By the time the edges of Brisbane started to appear, the inside of the car felt stretched thin, like a bubble about to pop. The city didn’t arrive all at once. It crept up on us, quietly at first, like a bad decision you only realise you’ve made once it’s far too late to turn around.
It looked like it had grown too fast and without permission, the way weeds take over a forgotten garden—too much, too soon, with no one really in charge. Like someone had started out with a blueprint and optimism, then halfway through decided they were too tired to care how it turned out. So it kept expanding, outwards and upwards and sideways, a mess of glass and concrete and advertising hoardings, sprawling wherever there was room—or even when there wasn’t.
The first signs of it were cautious. A lone servo with flickering fluorescent lights, the kind that made your skin look sickly and grey even in daylight. Then clusters of low buildings—shops, warehouses, garages with their roller doors half open and tired men inside smoking with one hand while the other turned greasy tools. I saw a billboard advertising a skin clinic, a woman’s face airbrushed into a version of perfection that made her look more like a statue than a person. Her eyes followed us as we passed, unblinking and indifferent.
And then, like a switch had been thrown, it was everywhere.

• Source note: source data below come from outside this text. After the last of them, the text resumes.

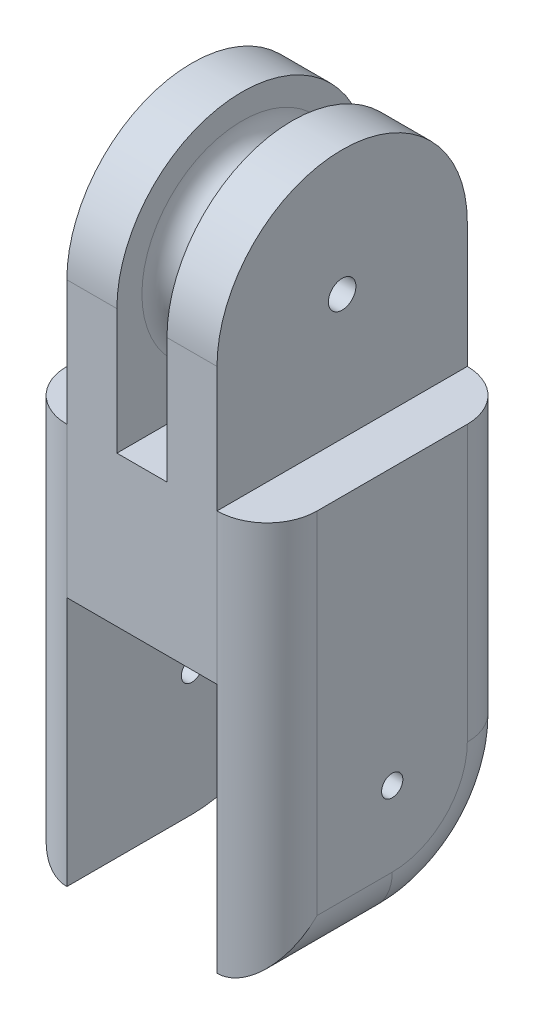
SolidWorks part; units mm, degrees
ref_plane "Front Plane" through (0, 0, 0) normal (0, 0, 1) x (1, 0, 0)
ref_plane "Top Plane" through (0, 0, 0) normal (0, 1, 0) x (1, 0, 0)
ref_plane "Right Plane" through (0, 0, 0) normal (1, 0, 0) x (0, 0, -1)
sketch "Sketch1" plane through (0, 0, 0) normal (0, 1, 0) x (1, 0, 0)
  line L0 (10, 10) -> (-10, -10) construction
  line L1 (-10, 10) -> (10, 10)
  line L2 (-10, 10) -> (-10, -10)
  line L3 (-10, -10) -> (10, -10)
  line L4 (10, 10) -> (10, -10)
  line L5 (-10, 10) -> (10, -10) construction
  point P5 (0, 0)
  dimension "D1" = 20
  dimension "D2" = 20
extrude "Boss-Extrude1" add sketch "Sketch1" along normal blind 12
sketch "Sketch4" plane through (0, 0, 0) normal (0, -1, 0) x (1, 0, 0)
  line L0 (10, -10) -> (-10, -10) construction
  line L1 (-10, 10) -> (-6, 10)
  line L2 (-10, 10) -> (-10, -10)
  line L3 (-10, -10) -> (-6, -10)
  line L4 (-6, 10) -> (-6, -10)
  line L5 (-10, 10) -> (10, 10) construction
  line L6 (10, -10) -> (6, -10)
  line L7 (10, -10) -> (10, 10)
  line L8 (10, 10) -> (6, 10)
  line L9 (6, -10) -> (6, 10)
  dimension "D1" = 4
  dimension "D2" = 4
extrude "Boss-Extrude2" add sketch "Sketch4" along normal blind 10
sketch "Sketch5" plane through (-10, 0, 0) normal (-1, 0, 0) x (0, 0, 1)
  line L0 (10, -10) -> (-10, -10) construction
  line L4 (0, -20) -> (10, -20)
  line L5 (10, -10) -> (10, -20)
  arc A0 (10, -10) -> (0, -20) centre (0, -10) ccw
extrude "Boss-Extrude3" add sketch "Sketch5" against normal blind 4
sketch "Sketch6" plane through (10, 0, 0) normal (1, 0, 0) x (0, 0, -1)
  line L0 (10, -10) -> (-10, -10) construction
  line L4 (0, -20) -> (-10, -20)
  line L5 (-10, -10) -> (-10, -20)
  arc A0 (0, -20) -> (-10, -10) centre (0, -10) ccw
extrude "Boss-Extrude4" add sketch "Sketch6" against normal blind 4
sketch "Sketch7" plane through (-10, 0, 0) normal (-1, 0, 0) x (0, 0, 1)
  circle A0 centre (0, -10) radius 0.85
  dimension "D1" = 1.7
extrude "Cut-Extrude1" cut sketch "Sketch7" against normal through all
fillet "Fillet1" radius 4 8 edges at (-10, -4, 10) (-10, -17.0711, -7.0711) (10, -4, 10) (10, -17.0711, -7.0711) (-10, 1, -10) (10, 1, -10) (10, -20, 5) (-10, -20, 5)
sketch "Sketch8" plane through (0, 12, 0) normal (0, 1, 0) x (1, 0, 0)
  line L0 (6, 10) -> (-6, 10) construction
  line L1 (6, -10) -> (2, -10)
  line L2 (6, -10) -> (6, 10)
  line L3 (6, 10) -> (2, 10)
  line L4 (2, -10) -> (2, 10)
  line L5 (-10, 6) -> (-10, -6) construction
  line L6 (-6, -10) -> (-2, -10)
  line L7 (-6, -10) -> (-6, 10)
  line L8 (-6, 10) -> (-2, 10)
  line L9 (-2, -10) -> (-2, 10)
  line L10 (10, -6) -> (10, 6) construction
  dimension "D1" = 4
  dimension "D2" = 4
  dimension "D3" = 4
  dimension "D4" = 4
extrude "Boss-Extrude5" add sketch "Sketch8" along normal blind 10
sketch "Sketch9" plane through (6, 0, 0) normal (1, 0, 0) x (0, 0, -1)
  line L0 (-10, 22) -> (10, 22) construction
  circle A0 centre (0, 22) radius 10
extrude "Boss-Extrude6" add sketch "Sketch9" against normal blind 4
sketch "Sketch10" plane through (-6, 0, 0) normal (-1, 0, 0) x (0, 0, 1)
  line L0 (-10, 22) -> (10, 22) construction
  circle A0 centre (0, 22) radius 10
extrude "Boss-Extrude7" add sketch "Sketch10" against normal blind 4
sketch "Sketch12" plane through (-6, 0, 0) normal (-1, 0, 0) x (0, 0, 1)
  circle A0 centre (0, 22) radius 1.1
  dimension "D1" = 2.2
extrude "Cut-Extrude2" cut sketch "Sketch12" against normal through all
sketch "Sketch13" plane through (-2, 0, 0) normal (1, 0, 0) x (0, 0, -1)
  circle A0 centre (0, 22) radius 6
  dimension "D1" = 12
sketch "Sketch14" plane through (-2, 0, 0) normal (1, 0, 0) x (0, 0, -1)
  circle A0 centre (0, 22) radius 1.1
  dimension "D1" = 2.2
extrude "Boss-Extrude8" add sketch "Sketch13" along normal blind 4
extrude "Cut-Extrude3" cut sketch "Sketch14" along normal blind 4
fillet "Fillet2" radius 2 2 edges at (2, 22, -6) (-2, 22, 6)
sketch "Sketch16" plane through (0, 0, 0) normal (0, -1, 0) x (1, 0, 0)
  line L0 (6, -10) -> (-6, -10) construction
  line L1 (-6, 0) -> (6, 0) construction
  line L2 (-6, -10) -> (-6, 10) construction
  line L3 (6, 10) -> (6, -10) construction
  circle A0 centre (0, -6) radius 0.5
  circle A1 centre (0, 6) radius 0.5
  dimension "D1" = 1
  dimension "D2" = 4
extrude "Cut-Extrude4" cut sketch "Sketch16" against normal up to next

Houses appeared in unnatural symmetry, one after the other after the other, so uniform they looked like they'd been printed rather than built. Fences that offered no privacy but demarcated ownership like invisible lines drawn in the sand. Street names tried to pretend they were poetic—Wattlebird Close, Serenity Drive, Jacaranda Court—but they only made me feel more lost, like we were being lied to about where we were.
Mum didn’t speak. Her hands were locked at ten and two on the steering wheel, knuckles pale, shoulders high. She was breathing through her nose in that tight, clipped way that said she was trying very hard not to feel anything. The lines around her mouth were back—the ones that deepened whenever she was concentrating too hard on pretending everything was fine.
Mack tapped his foot silently against the floor of the car, staring out at the rows of houses with narrowed eyes. He didn’t say anything either, but his whole body felt stiff beside me, like he was holding something in.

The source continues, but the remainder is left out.